WORK INSTRUCTIONS:
Quote the listing below word for word, stopping after the line that contains "C7: 0.1uF, SparkFun-Capacitors:0.1UF-0402-16V-10%".
[[ GIVEN DATA, beginning ]]
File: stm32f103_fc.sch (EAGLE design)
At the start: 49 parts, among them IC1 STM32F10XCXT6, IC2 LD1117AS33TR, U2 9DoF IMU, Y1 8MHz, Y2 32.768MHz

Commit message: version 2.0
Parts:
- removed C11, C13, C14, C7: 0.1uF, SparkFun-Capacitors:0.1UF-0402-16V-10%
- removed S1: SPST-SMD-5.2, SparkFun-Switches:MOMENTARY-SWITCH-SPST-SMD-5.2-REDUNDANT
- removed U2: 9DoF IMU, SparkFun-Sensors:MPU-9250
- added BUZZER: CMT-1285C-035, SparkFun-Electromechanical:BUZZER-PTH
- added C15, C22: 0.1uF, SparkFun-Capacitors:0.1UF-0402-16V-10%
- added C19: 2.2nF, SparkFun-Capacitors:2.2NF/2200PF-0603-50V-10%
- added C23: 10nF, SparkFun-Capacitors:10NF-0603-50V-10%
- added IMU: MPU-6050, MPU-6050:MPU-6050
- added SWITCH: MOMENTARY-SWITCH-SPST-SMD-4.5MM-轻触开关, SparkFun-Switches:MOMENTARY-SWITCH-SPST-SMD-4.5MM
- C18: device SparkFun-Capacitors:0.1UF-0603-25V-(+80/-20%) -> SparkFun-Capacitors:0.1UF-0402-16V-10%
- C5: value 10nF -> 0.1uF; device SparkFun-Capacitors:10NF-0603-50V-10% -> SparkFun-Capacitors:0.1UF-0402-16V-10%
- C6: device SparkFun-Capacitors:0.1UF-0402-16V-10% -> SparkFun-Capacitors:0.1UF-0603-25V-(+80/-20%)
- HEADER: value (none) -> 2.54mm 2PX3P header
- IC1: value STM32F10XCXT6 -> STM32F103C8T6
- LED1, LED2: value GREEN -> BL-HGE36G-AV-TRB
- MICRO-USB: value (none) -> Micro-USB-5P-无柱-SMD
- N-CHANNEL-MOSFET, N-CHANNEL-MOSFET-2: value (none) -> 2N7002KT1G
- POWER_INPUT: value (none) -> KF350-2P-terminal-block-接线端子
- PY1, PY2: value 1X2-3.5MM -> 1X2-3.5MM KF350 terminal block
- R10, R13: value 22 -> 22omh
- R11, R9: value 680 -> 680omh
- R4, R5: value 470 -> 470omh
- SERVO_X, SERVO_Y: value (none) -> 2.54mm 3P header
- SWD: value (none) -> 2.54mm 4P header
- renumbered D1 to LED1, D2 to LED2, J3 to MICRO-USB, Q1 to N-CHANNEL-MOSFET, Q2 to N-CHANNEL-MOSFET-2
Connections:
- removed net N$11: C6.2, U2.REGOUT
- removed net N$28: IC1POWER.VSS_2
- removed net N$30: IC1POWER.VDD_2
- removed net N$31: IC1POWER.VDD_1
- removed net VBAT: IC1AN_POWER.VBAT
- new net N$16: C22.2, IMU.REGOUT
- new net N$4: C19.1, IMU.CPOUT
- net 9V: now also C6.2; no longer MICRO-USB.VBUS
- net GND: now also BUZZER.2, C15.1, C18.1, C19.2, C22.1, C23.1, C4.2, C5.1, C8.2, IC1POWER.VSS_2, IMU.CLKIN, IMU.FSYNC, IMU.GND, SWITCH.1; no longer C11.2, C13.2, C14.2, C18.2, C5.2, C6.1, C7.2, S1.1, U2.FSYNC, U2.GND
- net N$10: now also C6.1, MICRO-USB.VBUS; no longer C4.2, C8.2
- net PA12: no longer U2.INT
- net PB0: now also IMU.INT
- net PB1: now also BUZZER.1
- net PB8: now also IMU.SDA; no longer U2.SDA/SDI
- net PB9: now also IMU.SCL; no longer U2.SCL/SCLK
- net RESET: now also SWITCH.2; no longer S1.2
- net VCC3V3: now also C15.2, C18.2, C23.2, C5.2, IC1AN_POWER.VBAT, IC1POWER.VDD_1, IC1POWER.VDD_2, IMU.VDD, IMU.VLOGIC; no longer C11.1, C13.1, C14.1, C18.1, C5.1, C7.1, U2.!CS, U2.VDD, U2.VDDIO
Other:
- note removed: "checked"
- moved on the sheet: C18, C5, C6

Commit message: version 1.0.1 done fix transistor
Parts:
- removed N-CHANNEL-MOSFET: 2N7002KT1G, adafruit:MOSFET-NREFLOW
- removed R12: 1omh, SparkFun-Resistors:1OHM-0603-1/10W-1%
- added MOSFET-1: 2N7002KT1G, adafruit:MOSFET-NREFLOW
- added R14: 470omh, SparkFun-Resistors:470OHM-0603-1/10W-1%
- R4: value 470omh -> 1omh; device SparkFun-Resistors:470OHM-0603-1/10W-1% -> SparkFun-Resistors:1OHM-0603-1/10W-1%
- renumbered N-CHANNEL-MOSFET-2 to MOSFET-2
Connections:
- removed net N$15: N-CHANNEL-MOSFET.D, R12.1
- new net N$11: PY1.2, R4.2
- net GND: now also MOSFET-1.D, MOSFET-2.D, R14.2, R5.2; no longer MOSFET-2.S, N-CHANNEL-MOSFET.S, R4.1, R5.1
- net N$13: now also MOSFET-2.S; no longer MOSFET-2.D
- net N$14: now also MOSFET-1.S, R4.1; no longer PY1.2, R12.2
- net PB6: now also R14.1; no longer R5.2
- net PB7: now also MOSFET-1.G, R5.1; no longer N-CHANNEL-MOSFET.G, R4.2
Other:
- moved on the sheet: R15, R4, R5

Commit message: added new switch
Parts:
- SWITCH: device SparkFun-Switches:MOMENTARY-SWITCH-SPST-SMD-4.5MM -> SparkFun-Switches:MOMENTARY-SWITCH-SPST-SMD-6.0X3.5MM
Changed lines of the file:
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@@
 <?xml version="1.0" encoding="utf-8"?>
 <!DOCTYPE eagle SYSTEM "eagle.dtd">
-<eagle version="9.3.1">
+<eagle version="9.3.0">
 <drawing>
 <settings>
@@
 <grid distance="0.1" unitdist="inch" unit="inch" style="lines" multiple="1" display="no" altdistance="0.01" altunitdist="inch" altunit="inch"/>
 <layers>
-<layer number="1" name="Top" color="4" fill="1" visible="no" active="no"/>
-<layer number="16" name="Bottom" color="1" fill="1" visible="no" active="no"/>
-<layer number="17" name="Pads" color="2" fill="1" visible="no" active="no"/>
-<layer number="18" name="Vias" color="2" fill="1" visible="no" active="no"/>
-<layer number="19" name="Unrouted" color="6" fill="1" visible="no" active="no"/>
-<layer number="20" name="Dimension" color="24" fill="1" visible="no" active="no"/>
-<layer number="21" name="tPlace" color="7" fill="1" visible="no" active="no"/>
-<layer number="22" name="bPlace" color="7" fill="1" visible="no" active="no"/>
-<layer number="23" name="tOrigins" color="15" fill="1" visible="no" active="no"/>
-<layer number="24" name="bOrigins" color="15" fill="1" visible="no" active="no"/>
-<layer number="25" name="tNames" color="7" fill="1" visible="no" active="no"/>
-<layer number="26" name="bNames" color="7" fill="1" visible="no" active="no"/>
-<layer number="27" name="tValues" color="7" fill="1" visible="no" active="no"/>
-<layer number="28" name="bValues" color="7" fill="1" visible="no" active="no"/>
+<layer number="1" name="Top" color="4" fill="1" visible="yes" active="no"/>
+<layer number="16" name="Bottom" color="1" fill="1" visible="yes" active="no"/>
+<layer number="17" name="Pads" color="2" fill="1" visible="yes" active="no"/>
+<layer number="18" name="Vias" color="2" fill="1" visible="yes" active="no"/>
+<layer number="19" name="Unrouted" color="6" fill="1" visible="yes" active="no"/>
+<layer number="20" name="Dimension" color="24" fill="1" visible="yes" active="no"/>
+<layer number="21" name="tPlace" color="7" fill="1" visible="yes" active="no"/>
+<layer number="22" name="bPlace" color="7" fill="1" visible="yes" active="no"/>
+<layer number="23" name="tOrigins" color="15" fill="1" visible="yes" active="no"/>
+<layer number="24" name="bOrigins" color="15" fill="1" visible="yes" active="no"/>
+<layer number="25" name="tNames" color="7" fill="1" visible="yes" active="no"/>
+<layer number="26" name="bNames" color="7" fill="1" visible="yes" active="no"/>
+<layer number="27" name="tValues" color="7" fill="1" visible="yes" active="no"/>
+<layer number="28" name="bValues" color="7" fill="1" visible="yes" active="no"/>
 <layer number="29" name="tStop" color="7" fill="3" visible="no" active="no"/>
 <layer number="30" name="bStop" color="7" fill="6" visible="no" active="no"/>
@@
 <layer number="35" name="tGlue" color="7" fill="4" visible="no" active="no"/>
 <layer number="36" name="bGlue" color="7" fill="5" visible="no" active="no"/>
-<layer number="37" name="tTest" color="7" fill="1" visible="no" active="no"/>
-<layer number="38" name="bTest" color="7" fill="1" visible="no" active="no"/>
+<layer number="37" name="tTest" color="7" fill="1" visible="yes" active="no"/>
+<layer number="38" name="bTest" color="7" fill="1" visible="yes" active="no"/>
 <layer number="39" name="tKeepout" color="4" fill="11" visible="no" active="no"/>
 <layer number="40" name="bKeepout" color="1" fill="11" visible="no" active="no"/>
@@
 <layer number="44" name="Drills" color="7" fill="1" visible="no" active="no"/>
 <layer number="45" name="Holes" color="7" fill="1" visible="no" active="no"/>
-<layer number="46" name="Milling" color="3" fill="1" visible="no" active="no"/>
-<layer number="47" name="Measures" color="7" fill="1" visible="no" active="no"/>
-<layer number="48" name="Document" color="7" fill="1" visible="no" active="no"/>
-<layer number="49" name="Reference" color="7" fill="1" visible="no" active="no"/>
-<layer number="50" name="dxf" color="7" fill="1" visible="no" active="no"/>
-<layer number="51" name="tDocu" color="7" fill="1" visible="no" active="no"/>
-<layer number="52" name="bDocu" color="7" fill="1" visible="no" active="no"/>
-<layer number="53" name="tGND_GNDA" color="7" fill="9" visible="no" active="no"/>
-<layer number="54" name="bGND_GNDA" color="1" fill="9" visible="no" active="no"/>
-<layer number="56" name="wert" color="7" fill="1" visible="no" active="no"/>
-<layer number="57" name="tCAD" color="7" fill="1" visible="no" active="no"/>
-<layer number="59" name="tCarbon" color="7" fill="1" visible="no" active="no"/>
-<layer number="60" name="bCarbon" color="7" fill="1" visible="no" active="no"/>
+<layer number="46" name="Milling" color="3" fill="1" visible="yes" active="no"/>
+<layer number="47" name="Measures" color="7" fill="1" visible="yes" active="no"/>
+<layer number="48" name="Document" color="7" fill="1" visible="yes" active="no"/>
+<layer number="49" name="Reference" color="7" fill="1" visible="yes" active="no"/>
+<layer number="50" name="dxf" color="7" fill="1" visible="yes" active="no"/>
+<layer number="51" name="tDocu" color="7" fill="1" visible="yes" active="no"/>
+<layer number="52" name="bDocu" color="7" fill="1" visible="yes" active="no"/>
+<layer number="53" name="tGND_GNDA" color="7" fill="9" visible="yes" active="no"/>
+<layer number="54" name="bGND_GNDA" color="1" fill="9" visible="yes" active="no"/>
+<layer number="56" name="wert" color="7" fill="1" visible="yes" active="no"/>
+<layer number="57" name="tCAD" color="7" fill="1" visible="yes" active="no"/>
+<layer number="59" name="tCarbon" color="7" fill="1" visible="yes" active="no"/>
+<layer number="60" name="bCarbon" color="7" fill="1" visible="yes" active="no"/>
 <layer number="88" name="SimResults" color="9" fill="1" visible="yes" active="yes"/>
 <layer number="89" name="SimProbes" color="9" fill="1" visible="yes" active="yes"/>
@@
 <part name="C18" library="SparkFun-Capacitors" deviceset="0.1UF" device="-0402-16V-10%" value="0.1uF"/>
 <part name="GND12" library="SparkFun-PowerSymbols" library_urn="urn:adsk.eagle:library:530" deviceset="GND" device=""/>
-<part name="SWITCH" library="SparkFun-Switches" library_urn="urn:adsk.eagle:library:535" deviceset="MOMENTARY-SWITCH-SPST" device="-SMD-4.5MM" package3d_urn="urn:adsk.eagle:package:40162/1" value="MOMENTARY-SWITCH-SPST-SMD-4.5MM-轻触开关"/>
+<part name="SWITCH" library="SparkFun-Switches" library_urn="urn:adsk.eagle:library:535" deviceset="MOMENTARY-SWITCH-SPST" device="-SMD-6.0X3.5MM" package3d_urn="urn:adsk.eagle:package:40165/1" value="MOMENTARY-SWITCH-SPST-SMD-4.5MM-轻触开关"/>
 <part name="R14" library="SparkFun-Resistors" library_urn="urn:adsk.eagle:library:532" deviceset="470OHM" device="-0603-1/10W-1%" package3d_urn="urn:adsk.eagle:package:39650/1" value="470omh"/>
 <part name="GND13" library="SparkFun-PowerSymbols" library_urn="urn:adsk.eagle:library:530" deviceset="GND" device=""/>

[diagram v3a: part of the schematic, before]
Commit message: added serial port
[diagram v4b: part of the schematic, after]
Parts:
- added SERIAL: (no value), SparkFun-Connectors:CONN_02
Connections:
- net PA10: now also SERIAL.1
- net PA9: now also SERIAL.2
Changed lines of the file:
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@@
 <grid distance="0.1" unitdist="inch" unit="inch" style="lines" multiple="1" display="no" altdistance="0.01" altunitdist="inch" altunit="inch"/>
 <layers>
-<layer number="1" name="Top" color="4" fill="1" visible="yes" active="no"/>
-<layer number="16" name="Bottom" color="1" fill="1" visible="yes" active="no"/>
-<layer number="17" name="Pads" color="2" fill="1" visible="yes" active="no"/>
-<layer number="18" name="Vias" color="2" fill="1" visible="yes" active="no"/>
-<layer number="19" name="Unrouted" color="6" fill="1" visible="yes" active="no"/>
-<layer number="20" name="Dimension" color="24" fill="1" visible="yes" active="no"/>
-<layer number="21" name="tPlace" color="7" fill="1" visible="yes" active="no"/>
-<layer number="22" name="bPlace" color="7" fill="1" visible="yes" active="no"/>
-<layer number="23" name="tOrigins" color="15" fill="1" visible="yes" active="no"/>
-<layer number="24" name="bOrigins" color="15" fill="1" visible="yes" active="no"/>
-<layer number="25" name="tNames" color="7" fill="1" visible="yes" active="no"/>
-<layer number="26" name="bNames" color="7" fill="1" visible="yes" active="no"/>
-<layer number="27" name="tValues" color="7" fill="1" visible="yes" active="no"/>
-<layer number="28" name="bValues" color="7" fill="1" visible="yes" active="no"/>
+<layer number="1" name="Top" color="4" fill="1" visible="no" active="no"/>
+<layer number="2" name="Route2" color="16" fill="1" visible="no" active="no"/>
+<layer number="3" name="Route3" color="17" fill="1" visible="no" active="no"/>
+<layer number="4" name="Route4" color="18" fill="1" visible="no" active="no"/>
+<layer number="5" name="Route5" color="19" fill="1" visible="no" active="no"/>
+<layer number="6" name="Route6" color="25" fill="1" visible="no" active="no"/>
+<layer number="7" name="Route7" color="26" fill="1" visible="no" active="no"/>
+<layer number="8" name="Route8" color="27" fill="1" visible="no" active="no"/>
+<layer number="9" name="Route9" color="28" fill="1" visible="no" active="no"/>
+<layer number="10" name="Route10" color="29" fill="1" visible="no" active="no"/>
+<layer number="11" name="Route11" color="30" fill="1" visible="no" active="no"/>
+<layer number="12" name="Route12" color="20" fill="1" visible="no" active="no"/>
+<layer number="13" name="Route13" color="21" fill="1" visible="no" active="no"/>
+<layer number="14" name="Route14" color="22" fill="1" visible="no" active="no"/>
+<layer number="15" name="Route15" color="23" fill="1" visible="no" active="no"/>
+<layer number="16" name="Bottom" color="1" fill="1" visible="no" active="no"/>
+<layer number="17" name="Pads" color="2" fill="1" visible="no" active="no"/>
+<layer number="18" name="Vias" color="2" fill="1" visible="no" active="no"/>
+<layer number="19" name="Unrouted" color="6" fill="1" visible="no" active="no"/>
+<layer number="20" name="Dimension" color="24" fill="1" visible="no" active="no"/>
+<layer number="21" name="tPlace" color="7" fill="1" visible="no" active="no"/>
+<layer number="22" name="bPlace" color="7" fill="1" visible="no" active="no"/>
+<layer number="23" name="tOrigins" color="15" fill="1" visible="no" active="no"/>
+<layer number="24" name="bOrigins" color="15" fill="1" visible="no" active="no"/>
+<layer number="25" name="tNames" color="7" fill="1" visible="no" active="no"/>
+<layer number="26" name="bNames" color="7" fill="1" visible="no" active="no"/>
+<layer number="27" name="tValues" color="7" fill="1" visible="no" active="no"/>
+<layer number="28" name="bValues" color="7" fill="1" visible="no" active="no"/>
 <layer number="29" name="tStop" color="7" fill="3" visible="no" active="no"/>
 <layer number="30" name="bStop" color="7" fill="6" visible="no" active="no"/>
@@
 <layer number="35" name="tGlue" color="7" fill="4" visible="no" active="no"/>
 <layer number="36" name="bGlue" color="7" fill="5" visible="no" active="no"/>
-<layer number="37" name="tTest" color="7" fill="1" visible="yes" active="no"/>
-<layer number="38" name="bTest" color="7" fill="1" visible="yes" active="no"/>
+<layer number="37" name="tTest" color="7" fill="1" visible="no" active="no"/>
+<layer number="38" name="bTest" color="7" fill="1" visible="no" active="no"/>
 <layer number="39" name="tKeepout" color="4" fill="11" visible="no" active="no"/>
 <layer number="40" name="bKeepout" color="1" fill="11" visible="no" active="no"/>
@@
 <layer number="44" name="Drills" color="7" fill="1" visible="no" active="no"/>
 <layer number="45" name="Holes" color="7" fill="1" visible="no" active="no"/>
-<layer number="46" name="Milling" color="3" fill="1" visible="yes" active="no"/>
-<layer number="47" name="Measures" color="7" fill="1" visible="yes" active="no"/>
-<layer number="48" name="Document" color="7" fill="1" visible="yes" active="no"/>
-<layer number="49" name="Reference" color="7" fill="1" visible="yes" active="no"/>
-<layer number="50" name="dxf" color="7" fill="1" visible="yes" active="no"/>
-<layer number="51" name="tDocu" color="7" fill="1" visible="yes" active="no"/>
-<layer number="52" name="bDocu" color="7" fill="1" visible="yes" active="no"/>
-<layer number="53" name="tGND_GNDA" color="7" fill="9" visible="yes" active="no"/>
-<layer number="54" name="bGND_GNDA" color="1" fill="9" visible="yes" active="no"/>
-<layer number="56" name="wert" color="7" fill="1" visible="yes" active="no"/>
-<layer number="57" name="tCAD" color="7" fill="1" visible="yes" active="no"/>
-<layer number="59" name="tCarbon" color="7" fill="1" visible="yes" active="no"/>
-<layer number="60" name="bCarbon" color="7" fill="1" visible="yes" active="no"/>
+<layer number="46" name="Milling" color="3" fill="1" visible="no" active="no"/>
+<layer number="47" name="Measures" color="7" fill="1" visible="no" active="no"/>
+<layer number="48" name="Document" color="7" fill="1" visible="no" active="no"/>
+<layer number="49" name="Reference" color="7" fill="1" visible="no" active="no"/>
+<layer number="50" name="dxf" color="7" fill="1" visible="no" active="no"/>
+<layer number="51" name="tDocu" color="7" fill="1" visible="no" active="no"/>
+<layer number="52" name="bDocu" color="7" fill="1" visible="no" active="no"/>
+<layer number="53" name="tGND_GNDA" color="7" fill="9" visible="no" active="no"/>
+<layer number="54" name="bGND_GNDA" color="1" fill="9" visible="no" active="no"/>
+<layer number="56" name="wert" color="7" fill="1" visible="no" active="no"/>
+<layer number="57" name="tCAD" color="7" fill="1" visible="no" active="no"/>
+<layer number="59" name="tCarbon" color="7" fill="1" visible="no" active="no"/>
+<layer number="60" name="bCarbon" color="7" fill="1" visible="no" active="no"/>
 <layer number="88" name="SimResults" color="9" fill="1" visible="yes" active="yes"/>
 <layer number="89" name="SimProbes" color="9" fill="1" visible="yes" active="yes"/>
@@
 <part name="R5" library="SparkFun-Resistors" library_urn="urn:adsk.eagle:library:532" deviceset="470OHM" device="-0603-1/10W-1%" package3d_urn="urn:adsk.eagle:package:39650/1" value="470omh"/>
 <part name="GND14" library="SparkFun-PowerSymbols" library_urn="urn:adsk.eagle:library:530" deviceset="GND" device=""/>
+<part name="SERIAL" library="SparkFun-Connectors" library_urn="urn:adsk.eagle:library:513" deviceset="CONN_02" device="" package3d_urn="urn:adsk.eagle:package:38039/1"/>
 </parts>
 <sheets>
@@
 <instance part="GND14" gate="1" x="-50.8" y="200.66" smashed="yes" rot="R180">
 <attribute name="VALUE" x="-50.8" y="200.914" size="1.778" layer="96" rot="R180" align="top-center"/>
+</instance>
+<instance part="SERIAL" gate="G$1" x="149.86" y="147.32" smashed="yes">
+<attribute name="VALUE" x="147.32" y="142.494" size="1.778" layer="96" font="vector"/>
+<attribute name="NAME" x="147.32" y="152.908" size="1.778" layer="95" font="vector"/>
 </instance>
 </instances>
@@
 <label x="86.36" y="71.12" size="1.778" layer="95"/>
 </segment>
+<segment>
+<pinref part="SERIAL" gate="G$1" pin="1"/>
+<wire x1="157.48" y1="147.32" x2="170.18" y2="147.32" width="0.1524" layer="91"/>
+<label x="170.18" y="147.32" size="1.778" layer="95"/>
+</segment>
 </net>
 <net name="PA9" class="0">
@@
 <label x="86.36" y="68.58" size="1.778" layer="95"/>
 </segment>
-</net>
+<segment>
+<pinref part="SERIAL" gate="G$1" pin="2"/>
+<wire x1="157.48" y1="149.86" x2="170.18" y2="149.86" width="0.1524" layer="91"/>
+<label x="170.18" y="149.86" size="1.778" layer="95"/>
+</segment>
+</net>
[[ GIVEN DATA, end ]]
WRITTEN SOLUTION:
File: stm32f103_fc.sch (EAGLE design)
At the start: 49 parts, among them IC1 STM32F10XCXT6, IC2 LD1117AS33TR, U2 9DoF IMU, Y1 8MHz, Y2 32.768MHz

Commit message: version 2.0
Parts:
- removed C11, C13, C14, C7: 0.1uF, SparkFun-Capacitors:0.1UF-0402-16V-10%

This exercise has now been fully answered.